Kenyans, have you ever been discriminated or treated indifferent in your own country? For instance, have you ever visited a restaurant and had to wait for a while to receive service for odd reasons or maybe because a “white man” walked in after you and needed to be taken care of right away? Have you ever waited in line at a bank only to have an Indian cut in front of you with no apologies? Have you ever been on a Kenya Airways flight and had to wait for the “white man” to receive his service before you? Well, here we are in 2013 and believe it or not, there are people who still believe that their race is superior to the black race and sadly, most of these attitudes are perpetuated by Kenyans who work for these institutions. They make anyone who isn’t black a priority and the attitude is sickening.
So what is up with that? I was prompted to write this opinion after i read several complaints against the Art Caffe Nairobi. While reading those posts on their Facebook page, I realized that the restaurant has an indifferent attitude towards Kenyans. I begun to wonder why anyone with a heart full of hate towards Kenyans would want to start a business in Kenya in the first place?
Kenyans are known to be warm and loving by nature. Visitors are a treasure, especially because tourism is big business for us and so regardless of where one is from, foreigners are always treated well. What makes me sick is the fact that some business owners take Kenyan kindness for foolishness and treat Kenyans like the help. One Kenyan wrote that he went to meet his friend at the Art Caffe and a white lady approached him and asked him if he was looking for a waitress job? Really? Is Art Caffe telling Kenyans that anyone black has no business being there unless they want to be “the help”? I am quite sure some people have been treated very well in this restaurant and it would be harsh to generalize however, if a business has more then three customer complaints stemming from the same root, then something is wrong and must be addressed.
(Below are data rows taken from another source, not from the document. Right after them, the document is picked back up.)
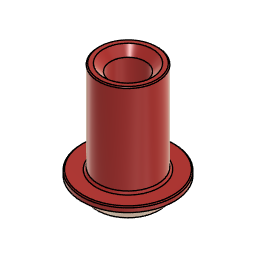
Capuchon_Prise_Jack_Onduleur (Autodesk Fusion 360 design; units mm, degrees)
Autodesk Fusion 360 part; units mm, degrees
sketch "Esquisse1" plane through (0, 0, 0) normal (0, 0, 1) x (1, 0, 0)
  circle A0 centre (0, 0) radius 4.5
  circle A1 centre (0, 0) radius 2.9
  circle A2 centre (0, 0) radius 1.7
  dimension "d1" = 5.8
  dimension "d2" = 3.4
  dimension "d3" = 9
  constraint coincident A0.centre A1.centre
  constraint concentric A1 A2
  measures "d1" diameter of A1
  measures "d2" diameter of A2
  measures "d3" diameter of A0
extrude "Extrusion1" add sketch "Esquisse1" along normal blind 9 contours A1
extrude "Extrusion2" add sketch "Esquisse1" against normal blind 2 contours A0 | A1 | A2
chamfer "Chanfrein1" distance 1 angle 45 1 edges at (-1.585, 0.6147, 0)
chamfer "Chanfrein2" distance 1.5 angle 45 1 edges at (-4.1955, 1.6273, -2)
chamfer "Chanfrein3" distance 0.7 angle 45 1 edges at (-1.585, 0.6147, 9)
chamfer "Chanfrein4" distance 0.1 angle 45 1 edges at (-2.7037, -1.0487, 9)
chamfer "Chanfrein5" distance 0.1 angle 45 1 edges at (-4.1955, -1.6273, 0)
chamfer "Chanfrein6" distance 0.2 angle 45 1 edges at (-2.7037, -1.0487, 0)
Autodesk Inventor part; units mm, degrees
(part 2 of 2)
  line L340 (-1.9195, 5.2475) -> (-1.8042, 5.1384)
  line L341 (-2.0415, 5.3441) -> (-1.9195, 5.2475)
  line L342 (-2.1047, 5.3882) -> (-2.0415, 5.3441)
  line L343 (-2.1649, 5.4382) -> (-2.1047, 5.3882)
  line L344 (-2.2201, 5.4981) -> (-2.1649, 5.4382)
  line L345 (-2.2447, 5.5342) -> (-2.2201, 5.4981)
  line L346 (-2.2651, 5.5787) -> (-2.2447, 5.5342)
  line L347 (-2.2631, 5.6693) -> (-2.2651, 5.5787)
  line L348 (-1.9339, 6.464) -> (-2.2631, 5.6693)
  line L349 (-1.8713, 6.5294) -> (-1.9339, 6.464)
  line L350 (-1.8254, 6.5464) -> (-1.8713, 6.5294)
  line L351 (-1.7825, 6.5547) -> (-1.8254, 6.5464)
  line L352 (-1.7011, 6.5579) -> (-1.7825, 6.5547)
  line L353 (-1.6232, 6.5508) -> (-1.7011, 6.5579)
  line L354 (-1.5473, 6.5372) -> (-1.6232, 6.5508)
  line L355 (-1.3927, 6.5193) -> (-1.5473, 6.5372)
  line L356 (-1.2341, 6.5149) -> (-1.3927, 6.5193)
  line L357 (-1.0724, 6.5212) -> (-1.2341, 6.5149)
  line L358 (-0.9083, 6.5371) -> (-1.0724, 6.5212)
  line L359 (-0.7422, 6.5617) -> (-0.9083, 6.5371)
  line L360 (-0.5744, 6.5945) -> (-0.7422, 6.5617)
  line L361 (-0.4052, 6.6353) -> (-0.5744, 6.5945)
  line L362 (-0.2775, 6.671) -> (-0.4052, 6.6353)
  line L363 (-0.0892, 7.6173) -> (-0.2775, 6.671)
  line L364 (-0.1935, 7.6991) -> (-0.0892, 7.6173)
  line L365 (-0.3343, 7.8015) -> (-0.1935, 7.6991)
  line L366 (-0.4767, 7.8961) -> (-0.3343, 7.8015)
  line L367 (-0.6208, 7.9824) -> (-0.4767, 7.8961)
  line L368 (-0.7663, 8.0598) -> (-0.6208, 7.9824)
  line L369 (-0.9133, 8.1276) -> (-0.7663, 8.0598)
  line L370 (-1.0615, 8.1842) -> (-0.9133, 8.1276)
  line L371 (-1.2112, 8.2268) -> (-1.0615, 8.1842)
  line L372 (-1.2865, 8.2433) -> (-1.2112, 8.2268)
  line L373 (-1.3612, 8.2665) -> (-1.2865, 8.2433)
  line L374 (-1.4352, 8.3007) -> (-1.3612, 8.2665)
  line L375 (-1.4717, 8.3247) -> (-1.4352, 8.3007)
  line L376 (-1.5076, 8.358) -> (-1.4717, 8.3247)
  line L377 (-1.5404, 8.4424) -> (-1.5076, 8.358)
  line L378 (-1.5404, 9.3026) -> (-1.5404, 8.4424)
  line L379 (-1.5076, 9.387) -> (-1.5404, 9.3026)
  line L380 (-1.4717, 9.4203) -> (-1.5076, 9.387)
  line L381 (-1.4352, 9.4443) -> (-1.4717, 9.4203)
  line L382 (-1.3612, 9.4785) -> (-1.4352, 9.4443)
  line L383 (-1.2865, 9.5017) -> (-1.3612, 9.4785)
  line L384 (-1.2112, 9.5182) -> (-1.2865, 9.5017)
  line L385 (-1.0615, 9.5608) -> (-1.2112, 9.5182)
  line L386 (-0.9133, 9.6174) -> (-1.0615, 9.5608)
  line L387 (-0.7663, 9.6852) -> (-0.9133, 9.6174)
  line L388 (-0.6208, 9.7626) -> (-0.7663, 9.6852)
  line L389 (-0.4767, 9.8489) -> (-0.6208, 9.7626)
  line L390 (-0.3343, 9.9435) -> (-0.4767, 9.8489)
  line L391 (-0.1935, 10.0459) -> (-0.3343, 9.9435)
  line L392 (-0.0892, 10.1277) -> (-0.1935, 10.0459)
  line L393 (-0.2775, 11.074) -> (-0.0892, 10.1277)
  line L394 (-0.4052, 11.1097) -> (-0.2775, 11.074)
  line L395 (-0.5744, 11.1505) -> (-0.4052, 11.1097)
  line L396 (-0.7422, 11.1834) -> (-0.5744, 11.1505)
  line L397 (-0.9083, 11.208) -> (-0.7422, 11.1834)
  line L398 (-1.0724, 11.2238) -> (-0.9083, 11.208)
  line L399 (-1.2341, 11.2302) -> (-1.0724, 11.2238)
  line L400 (-1.3927, 11.2258) -> (-1.2341, 11.2302)
  line L401 (-1.5473, 11.2079) -> (-1.3927, 11.2258)
  line L402 (-1.6232, 11.1943) -> (-1.5473, 11.2079)
  line L403 (-1.7011, 11.1871) -> (-1.6232, 11.1943)
  line L404 (-1.7825, 11.1904) -> (-1.7011, 11.1871)
  line L405 (-1.8254, 11.1986) -> (-1.7825, 11.1904)
  line L406 (-1.8713, 11.2156) -> (-1.8254, 11.1986)
  line L407 (-1.9339, 11.281) -> (-1.8713, 11.2156)
  line L408 (-2.2631, 12.0757) -> (-1.9339, 11.281)
  line L409 (-2.2651, 12.1663) -> (-2.2631, 12.0757)
  line L410 (-2.2447, 12.2108) -> (-2.2651, 12.1663)
  line L411 (-2.2201, 12.247) -> (-2.2447, 12.2108)
  line L412 (-2.1649, 12.3068) -> (-2.2201, 12.247)
  line L413 (-2.1047, 12.3569) -> (-2.1649, 12.3068)
  line L414 (-2.0415, 12.4009) -> (-2.1047, 12.3569)
  line L415 (-1.9195, 12.4975) -> (-2.0415, 12.4009)
  line L416 (-1.8042, 12.6066) -> (-1.9195, 12.4975)
  line L417 (-1.6944, 12.7254) -> (-1.8042, 12.6066)
  line L418 (-1.5896, 12.8527) -> (-1.6944, 12.7254)
  line L419 (-1.4895, 12.9875) -> (-1.5896, 12.8527)
  line L420 (-1.3941, 13.1294) -> (-1.4895, 12.9875)
  line L421 (-1.3032, 13.2779) -> (-1.3941, 13.1294)
  line L422 (-1.2382, 13.3934) -> (-1.3032, 13.2779)
  line L423 (-1.7742, 14.1957) -> (-1.2382, 13.3934)
  line L424 (-1.9058, 14.1797) -> (-1.7742, 14.1957)
  line L425 (-2.0778, 14.1527) -> (-1.9058, 14.1797)
  line L426 (-2.2454, 14.1188) -> (-2.0778, 14.1527)
  line L427 (-2.4083, 14.078) -> (-2.2454, 14.1188)
  line L428 (-2.5659, 14.0298) -> (-2.4083, 14.078)
  line L429 (-2.7177, 13.9738) -> (-2.5659, 14.0298)
  line L430 (-2.8626, 13.909) -> (-2.7177, 13.9738)
  line L431 (-2.9986, 13.8333) -> (-2.8626, 13.909)
  line L432 (-3.0635, 13.7917) -> (-2.9986, 13.8333)
  line L433 (-3.1327, 13.7553) -> (-3.0635, 13.7917)
  line L434 (-3.2092, 13.7272) -> (-3.1327, 13.7553)
  line L435 (-3.2519, 13.7183) -> (-3.2092, 13.7272)
  line L436 (-3.3009, 13.7165) -> (-3.2519, 13.7183)
  line L437 (-3.3838, 13.753) -> (-3.3009, 13.7165)
  line L438 (-3.9921, 14.3612) -> (-3.3838, 13.753)
  line L439 (-4.0285, 14.4441) -> (-3.9921, 14.3612)
  line L440 (-4.0267, 14.4931) -> (-4.0285, 14.4441)
  line L441 (-4.0179, 14.5359) -> (-4.0267, 14.4931)
  line L442 (-3.9898, 14.6123) -> (-4.0179, 14.5359)
  line L443 (-3.9533, 14.6815) -> (-3.9898, 14.6123)
  line L444 (-3.9117, 14.7464) -> (-3.9533, 14.6815)
  line L445 (-3.836, 14.8824) -> (-3.9117, 14.7464)
  line L446 (-3.7712, 15.0273) -> (-3.836, 14.8824)
  line L447 (-3.7152, 15.1791) -> (-3.7712, 15.0273)
  line L448 (-3.6671, 15.3368) -> (-3.7152, 15.1791)
  line L449 (-3.6262, 15.4996) -> (-3.6671, 15.3368)
  line L450 (-3.5924, 15.6672) -> (-3.6262, 15.4996)
  line L451 (-3.5653, 15.8392) -> (-3.5924, 15.6672)
  line L452 (-3.5494, 15.9708) -> (-3.5653, 15.8392)
  line L453 (-4.3516, 16.5068) -> (-3.5494, 15.9708)
  line L454 (-4.4671, 16.4418) -> (-4.3516, 16.5068)
  line L455 (-4.6156, 16.351) -> (-4.4671, 16.4418)
  line L456 (-4.7575, 16.2555) -> (-4.6156, 16.351)
  line L457 (-4.8924, 16.1555) -> (-4.7575, 16.2555)
  line L458 (-5.0196, 16.0506) -> (-4.8924, 16.1555)
  line L459 (-5.1384, 15.9408) -> (-5.0196, 16.0506)
  line L460 (-5.2475, 15.8255) -> (-5.1384, 15.9408)
  line L461 (-5.3441, 15.7035) -> (-5.2475, 15.8255)
  line L462 (-5.3882, 15.6403) -> (-5.3441, 15.7035)
  line L463 (-5.4382, 15.5801) -> (-5.3882, 15.6403)
  line L464 (-5.4981, 15.5249) -> (-5.4382, 15.5801)
  line L465 (-5.5342, 15.5004) -> (-5.4981, 15.5249)
  line L466 (-5.5787, 15.4799) -> (-5.5342, 15.5004)
  line L467 (-5.6693, 15.4819) -> (-5.5787, 15.4799)
  line L468 (-6.464, 15.8111) -> (-5.6693, 15.4819)
  line L469 (-6.5294, 15.8737) -> (-6.464, 15.8111)
  line L470 (-6.5464, 15.9196) -> (-6.5294, 15.8737)
  line L471 (-6.5547, 15.9626) -> (-6.5464, 15.9196)
  line L472 (-6.5579, 16.0439) -> (-6.5547, 15.9626)
  line L473 (-6.5508, 16.1219) -> (-6.5579, 16.0439)
  line L474 (-6.5372, 16.1977) -> (-6.5508, 16.1219)
  line L475 (-6.5193, 16.3523) -> (-6.5372, 16.1977)
  line L476 (-6.5149, 16.511) -> (-6.5193, 16.3523)
  line L477 (-6.5212, 16.6726) -> (-6.5149, 16.511)
  line L478 (-6.5371, 16.8367) -> (-6.5212, 16.6726)
  line L479 (-6.5617, 17.0028) -> (-6.5371, 16.8367)
  line L480 (-6.5945, 17.1706) -> (-6.5617, 17.0028)
  line L481 (-6.6353, 17.3399) -> (-6.5945, 17.1706)
  line L482 (-6.671, 17.4675) -> (-6.6353, 17.3399)
  line L483 (-7.6173, 17.6558) -> (-6.671, 17.4675)
  line L484 (-7.6991, 17.5515) -> (-7.6173, 17.6558)
  line L485 (-7.8015, 17.4107) -> (-7.6991, 17.5515)
  line L486 (-7.8961, 17.2683) -> (-7.8015, 17.4107)
  line L487 (-7.9824, 17.1242) -> (-7.8961, 17.2683)
  line L488 (-8.0598, 16.9787) -> (-7.9824, 17.1242)
  line L489 (-8.1276, 16.8317) -> (-8.0598, 16.9787)
  line L490 (-8.1842, 16.6835) -> (-8.1276, 16.8317)
  line L491 (-8.2268, 16.5338) -> (-8.1842, 16.6835)
  line L492 (-8.2433, 16.4585) -> (-8.2268, 16.5338)
  line L493 (-8.2665, 16.3838) -> (-8.2433, 16.4585)
  line L494 (-8.3007, 16.3099) -> (-8.2665, 16.3838)
  line L495 (-8.3247, 16.2734) -> (-8.3007, 16.3099)
  line L496 (-8.358, 16.2375) -> (-8.3247, 16.2734)
  line L497 (-8.4424, 16.2046) -> (-8.358, 16.2375)
  line L498 (-9.3026, 16.2046) -> (-8.4424, 16.2046)
  line L499 (-9.387, 16.2375) -> (-9.3026, 16.2046)
  line L500 (-9.4203, 16.2734) -> (-9.387, 16.2375)
  line L501 (-9.4443, 16.3099) -> (-9.4203, 16.2734)
  line L502 (-9.4785, 16.3838) -> (-9.4443, 16.3099)
  line L503 (-9.5017, 16.4585) -> (-9.4785, 16.3838)
  line L504 (-9.5182, 16.5338) -> (-9.5017, 16.4585)
  line L505 (-9.5608, 16.6835) -> (-9.5182, 16.5338)
  line L506 (-9.6174, 16.8317) -> (-9.5608, 16.6835)
  line L507 (-9.6852, 16.9787) -> (-9.6174, 16.8317)
  line L508 (-9.7626, 17.1242) -> (-9.6852, 16.9787)
  line L509 (-9.8489, 17.2683) -> (-9.7626, 17.1242)
  line L510 (-9.9435, 17.4107) -> (-9.8489, 17.2683)
  line L511 (-10.0459, 17.5515) -> (-9.9435, 17.4107)
  line L512 (-10.1277, 17.6558) -> (-10.0459, 17.5515)
  line L513 (-11.074, 17.4675) -> (-10.1277, 17.6558)
  line L514 (-11.1097, 17.3399) -> (-11.074, 17.4675)
  line L515 (-11.1505, 17.1706) -> (-11.1097, 17.3399)
  line L516 (-11.1834, 17.0028) -> (-11.1505, 17.1706)
  line L517 (-7.2831, 7.0602) -> (-7.5453, 6.8602)
  line L518 (-7.0507, 7.294) -> (-7.2831, 7.0602)
  line L519 (-6.8523, 7.5573) -> (-7.0507, 7.294)
  line L520 (-6.6918, 7.8453) -> (-6.8523, 7.5573)
  line L521 (-6.047, 8.4605) -> (-6.6918, 7.8453)
  line L522 (-3.4326, 8.9806) -> (-6.047, 8.4605)
  line L523 (-2.9676, 8.5861) -> (-3.4326, 8.9806)
  line L524 (-3, 8.1922) -> (-2.9676, 8.5861)
  line L525 (-3.0586, 7.8013) -> (-3, 8.1922)
  line L526 (-3.1431, 7.4153) -> (-3.0586, 7.8013)
  line L527 (-3.2533, 7.0357) -> (-3.1431, 7.4153)
  line L528 (-3.3886, 6.6644) -> (-3.2533, 7.0357)
  line L529 (-3.5484, 6.3029) -> (-3.3886, 6.6644)
  line L530 (-3.732, 5.9529) -> (-3.5484, 6.3029)
  line L531 (-3.9385, 5.616) -> (-3.732, 5.9529)
  line L532 (-4.1671, 5.2936) -> (-3.9385, 5.616)
  line L533 (-4.4168, 4.9872) -> (-4.1671, 5.2936)
  line L534 (-4.6863, 4.6982) -> (-4.4168, 4.9872)
  line L535 (-4.9746, 4.4278) -> (-4.6863, 4.6982)
  line L536 (-5.2803, 4.1773) -> (-4.9746, 4.4278)
  line L537 (-5.602, 3.9478) -> (-5.2803, 4.1773)
  line L538 (-5.9384, 3.7402) -> (-5.602, 3.9478)
  line L539 (-6.2878, 3.5557) -> (-5.9384, 3.7402)
  line L540 (-6.6489, 3.3949) -> (-6.2878, 3.5557)
  line L541 (-7.0198, 3.2585) -> (-6.6489, 3.3949)
  line L542 (-7.3991, 3.1473) -> (-7.0198, 3.2585)
  line L543 (-7.7849, 3.0616) -> (-7.3991, 3.1473)
  line L544 (-8.1756, 3.0019) -> (-7.7849, 3.0616)
  line L545 (-8.5694, 2.9685) -> (-8.1756, 3.0019)
  line L546 (-8.9645, 2.9614) -> (-8.5694, 2.9685)
  line L547 (-9.3593, 2.9808) -> (-8.9645, 2.9614)
  line L548 (-9.6897, 3.4932) -> (-9.3593, 2.9808)
  line L549 (-8.8329, 6.0174) -> (-9.6897, 3.4932)
  line L550 (-8.1387, 6.5764) -> (-8.8329, 6.0174)
  line L551 (-7.8323, 6.698) -> (-8.1387, 6.5764)
  line L552 (-7.5453, 6.8602) -> (-7.8323, 6.698)
  line L553 (-12.7072, 4.3731) -> (-12.3979, 4.1269)
  line L554 (-12.9992, 4.6393) -> (-12.7072, 4.3731)
  line L555 (-13.2728, 4.9245) -> (-12.9992, 4.6393)
  line L556 (-13.5268, 5.2274) -> (-13.2728, 4.9245)
  line L557 (-13.7599, 5.5465) -> (-13.5268, 5.2274)
  line L558 (-13.9712, 5.8805) -> (-13.7599, 5.5465)
  line L559 (-14.1598, 6.2278) -> (-13.9712, 5.8805)
  line L560 (-14.3246, 6.587) -> (-14.1598, 6.2278)
  line L561 (-14.4652, 6.9564) -> (-14.3246, 6.587)
  line L562 (-14.5807, 7.3343) -> (-14.4652, 6.9564)
  line L563 (-14.6707, 7.7192) -> (-14.5807, 7.3343)
  line L564 (-14.7348, 8.1092) -> (-14.6707, 7.7192)
  line L565 (-14.7727, 8.5025) -> (-14.7348, 8.1092)
  line L566 (-14.7843, 8.8976) -> (-14.7727, 8.5025)
  line L567 (-14.7694, 9.2925) -> (-14.7843, 8.8976)
  line L568 (-14.7281, 9.6856) -> (-14.7694, 9.2925)
  line L569 (-14.6607, 10.075) -> (-14.7281, 9.6856)
  line L570 (-14.5674, 10.4591) -> (-14.6607, 10.075)
  line L571 (-14.4487, 10.836) -> (-14.5674, 10.4591)
  line L572 (-14.305, 11.2042) -> (-14.4487, 10.836)
  line L573 (-14.1371, 11.562) -> (-14.305, 11.2042)
  line L574 (-13.9457, 11.9077) -> (-14.1371, 11.562)
  line L575 (-13.7315, 12.2399) -> (-13.9457, 11.9077)
  line L576 (-13.1225, 12.2699) -> (-13.7315, 12.2399)
  line L577 (-11.3649, 10.2657) -> (-13.1225, 12.2699)
  line L578 (-11.2279, 9.3851) -> (-11.3649, 10.2657)
  line L579 (-11.2758, 9.0589) -> (-11.2279, 9.3851)
  line L580 (-11.2788, 8.7292) -> (-11.2758, 9.0589)
  line L581 (-11.2367, 8.4022) -> (-11.2788, 8.7292)
  line L582 (-11.1505, 8.084) -> (-11.2367, 8.4022)
  line L583 (-11.0216, 7.7806) -> (-11.1505, 8.084)
  line L584 (-10.8525, 7.4976) -> (-11.0216, 7.7806)
  line L585 (-10.642, 6.6316) -> (-10.8525, 7.4976)
  line L586 (-11.4989, 4.1074) -> (-10.642, 6.6316)
  line L587 (-12.073, 3.902) -> (-11.4989, 4.1074)
  line L588 (-12.3979, 4.1269) -> (-12.073, 3.902)
  circle A2 centre (-8.8725, 8.8725) radius 2.4105
  point P0 (0, 0)
  point P1 (-11.0215, 7.7805)
  point P2 (-8.1387, 6.5764)
  point P3 (-6.6918, 7.8453)
  point P4 (-7.2509, 10.6561)
  constraints: 1 coincident, 3 other
extrude "Выдавливание3" add sketch "Эскиз3" along normal blind 4 contours A1 L36 A0 L35 L34 L33 A2 L520 L519 L518 L517 L552 L551 L584 L583 L582 L581 L580 L579 L2 L1 L0 | L584 A2
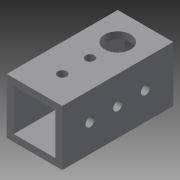
# Autodesk Inventor part: 2 in 3-8 in Hex Shaft Holders (4)
Saved by Autodesk Inventor 2014 (Build 180170000, 170)
## iProperties
Created: 2014-02-24
Part Number: 2 in 3-8 in Hex Shaft Holders (4)
Material: Generic
Document SubType Name: Modeling
Designer: Michael
Density: 1 g/cm^3
Appearance: Default
Author: Michael
Autodesk Inventor part; units mm, degrees
ref_plane "YZ Plane" through (0, 0, 0) normal (1, 0, 0) x (0, 1, 0)
ref_plane "XZ Plane" through (0, 0, 0) normal (0, 1, 0) x (-1, 0, 0)
ref_plane "XY Plane" through (0, 0, 0) normal (0, 0, 1) x (1, 0, 0)
sketch "Sketch1" plane through (0, 0, 0) normal (0, 0, 1) x (1, 0, 0)
  line L0 (0, 0) -> (25.4, 0)
  line L1 (25.4, 0) -> (25.4, 25.4)
  line L2 (25.4, 25.4) -> (0, 25.4)
  line L3 (0, 25.4) -> (0, 0)
  line L4 (3.175, 22.225) -> (22.225, 22.225)
  line L5 (22.225, 22.225) -> (22.225, 3.175)
  line L6 (22.225, 3.175) -> (3.175, 3.175)
  line L7 (3.175, 3.175) -> (3.175, 22.225)
  dimension "d0" = 25.4
  dimension "d1" = 25.4
  dimension "d2" = 3.175
  constraints: 16 end point, 4 parallel, 2 perpendicular, 1 horizontal, 3 other
  measures "d0" distance of L2.end L1.end
  measures "d1" distance of L1.end L0.end
  measures "d2" distance between parallel lines of L4 L2
extrude "Extrusion1" add sketch "Sketch1" along normal blind 50.8
sketch "Sketch2" plane through (25.4, 0, 0) normal (1, 0, 0) x (0, 0, -1)
  line L0 (-50.8, 0) -> (-50.8, 25.4) projected
  line L1 (0, 0) -> (-50.8, 0) projected
  circle A0 centre (-38.1, 12.7) radius 2.0701
  circle A1 centre (-25.4, 12.7) radius 2.0701
  circle A2 centre (-12.7, 12.7) radius 2.0701
  dimension "d5" = 4.1402
  dimension "d6" = 12.7
  dimension "d7" = 12.7
  dimension "d10" = 12.7
  constraints: 3 centre point, 1 horizontal, 4 other
  measures "d5" diameter of A0
  measures "d6" distance from line of L0 A0.centre
  measures "d7" distance from line of L1 A0.centre
  measures "d10" distance of A0.centre A1.centre
extrude "Extrusion2" cut sketch "Sketch2" against normal blind 50.8
sketch "Sketch3" plane through (0, 25.4, 0) normal (0, 1, 0) x (1, 0, 0)
  line L0 (25.4, -50.8) -> (0, -50.8) projected
  line L1 (25.4, 0) -> (25.4, -50.8) projected
  circle A0 centre (12.7, -38.1) radius 2.0701
  circle A1 centre (12.7, -25.4) radius 2.0701
  circle A2 centre (12.7, -12.7) radius 5.9531
  dimension "d17" = 4.1402
  dimension "d18" = 12.7
  dimension "d19" = 12.7
  dimension "d22" = 12.7
  dimension "d27" = 11.9062
  dimension "d28" = 12.7
  dimension "d29" = 12.7
  constraints: 3 centre point, 1 vertical, 2 other
  measures "d17" diameter of A0
  measures "d18" distance from line of L0 A0.centre
  measures "d19" distance from line of L1 A0.centre
  measures "d22" distance of A0.centre A1.centre
  measures "d27" diameter of A2
  measures "d28" distance of A2.centre A1.centre
  measures "d29" distance from line of A2.centre L1
extrude "Extrusion3" cut sketch "Sketch3" against normal blind 50.8
body "Solid1"

Kenyan businesses give the white race more attention and then the Indians jump in on that bandwagon thinking they are superior to Kenyans and now we have the Arabs coming in with their negative attitudes and eventually we have a bunch of people who have no respect for anyone black dominating our economic system and treating Kenyan citizens as people who are beneath them.
Why is that? Is it power? Are we that brain washed to think that these people are better than us simply because they are considered richer? Reality of the matter is, most of these people do not have as much money as we think. It takes them months to plan a Safari and most go back to work overtime in order to make up for the money they lost while on vacation in Africa. Some of these are in so much debt that they run from their countries to start a new life in upcoming Africa.
Businesses like the Art Caffe forget that the Kenyan middle class is on the rise and believe it or not, most of their customers are and will continue to be Kenyans. It is a high time we challenged this attitude and focused on equality in business.
The perception that the white man is more powerful and has more money is a joke. If that was the case, Europe wouldn’t be in economic crisis with high unemployment and America would not be trillion dollars in debt. Most Americans live on loans..they drive cars that could be taken away from them anytime if they missed a car note. Most are looking for a way out and are therefore moving to Africa because they know Africa is the future.
Nairobi is now listed as one of the most expensive cities in Africa because businesses are over pricing everything to “attract the white man’s money” but what happens when he or she goes back to his country?
Let us think about this. Kenyans need to stop supporting restaurants like the Art Caffe Nairobi and see how far their businesses go without the average Kenyan money. Kenya is a beautiful country and the last thing we need is class division like they did in South Africa. As long as we live there, we should be treated with the utmost respect whether in business, education or employment.
Say no to racism and demand respect.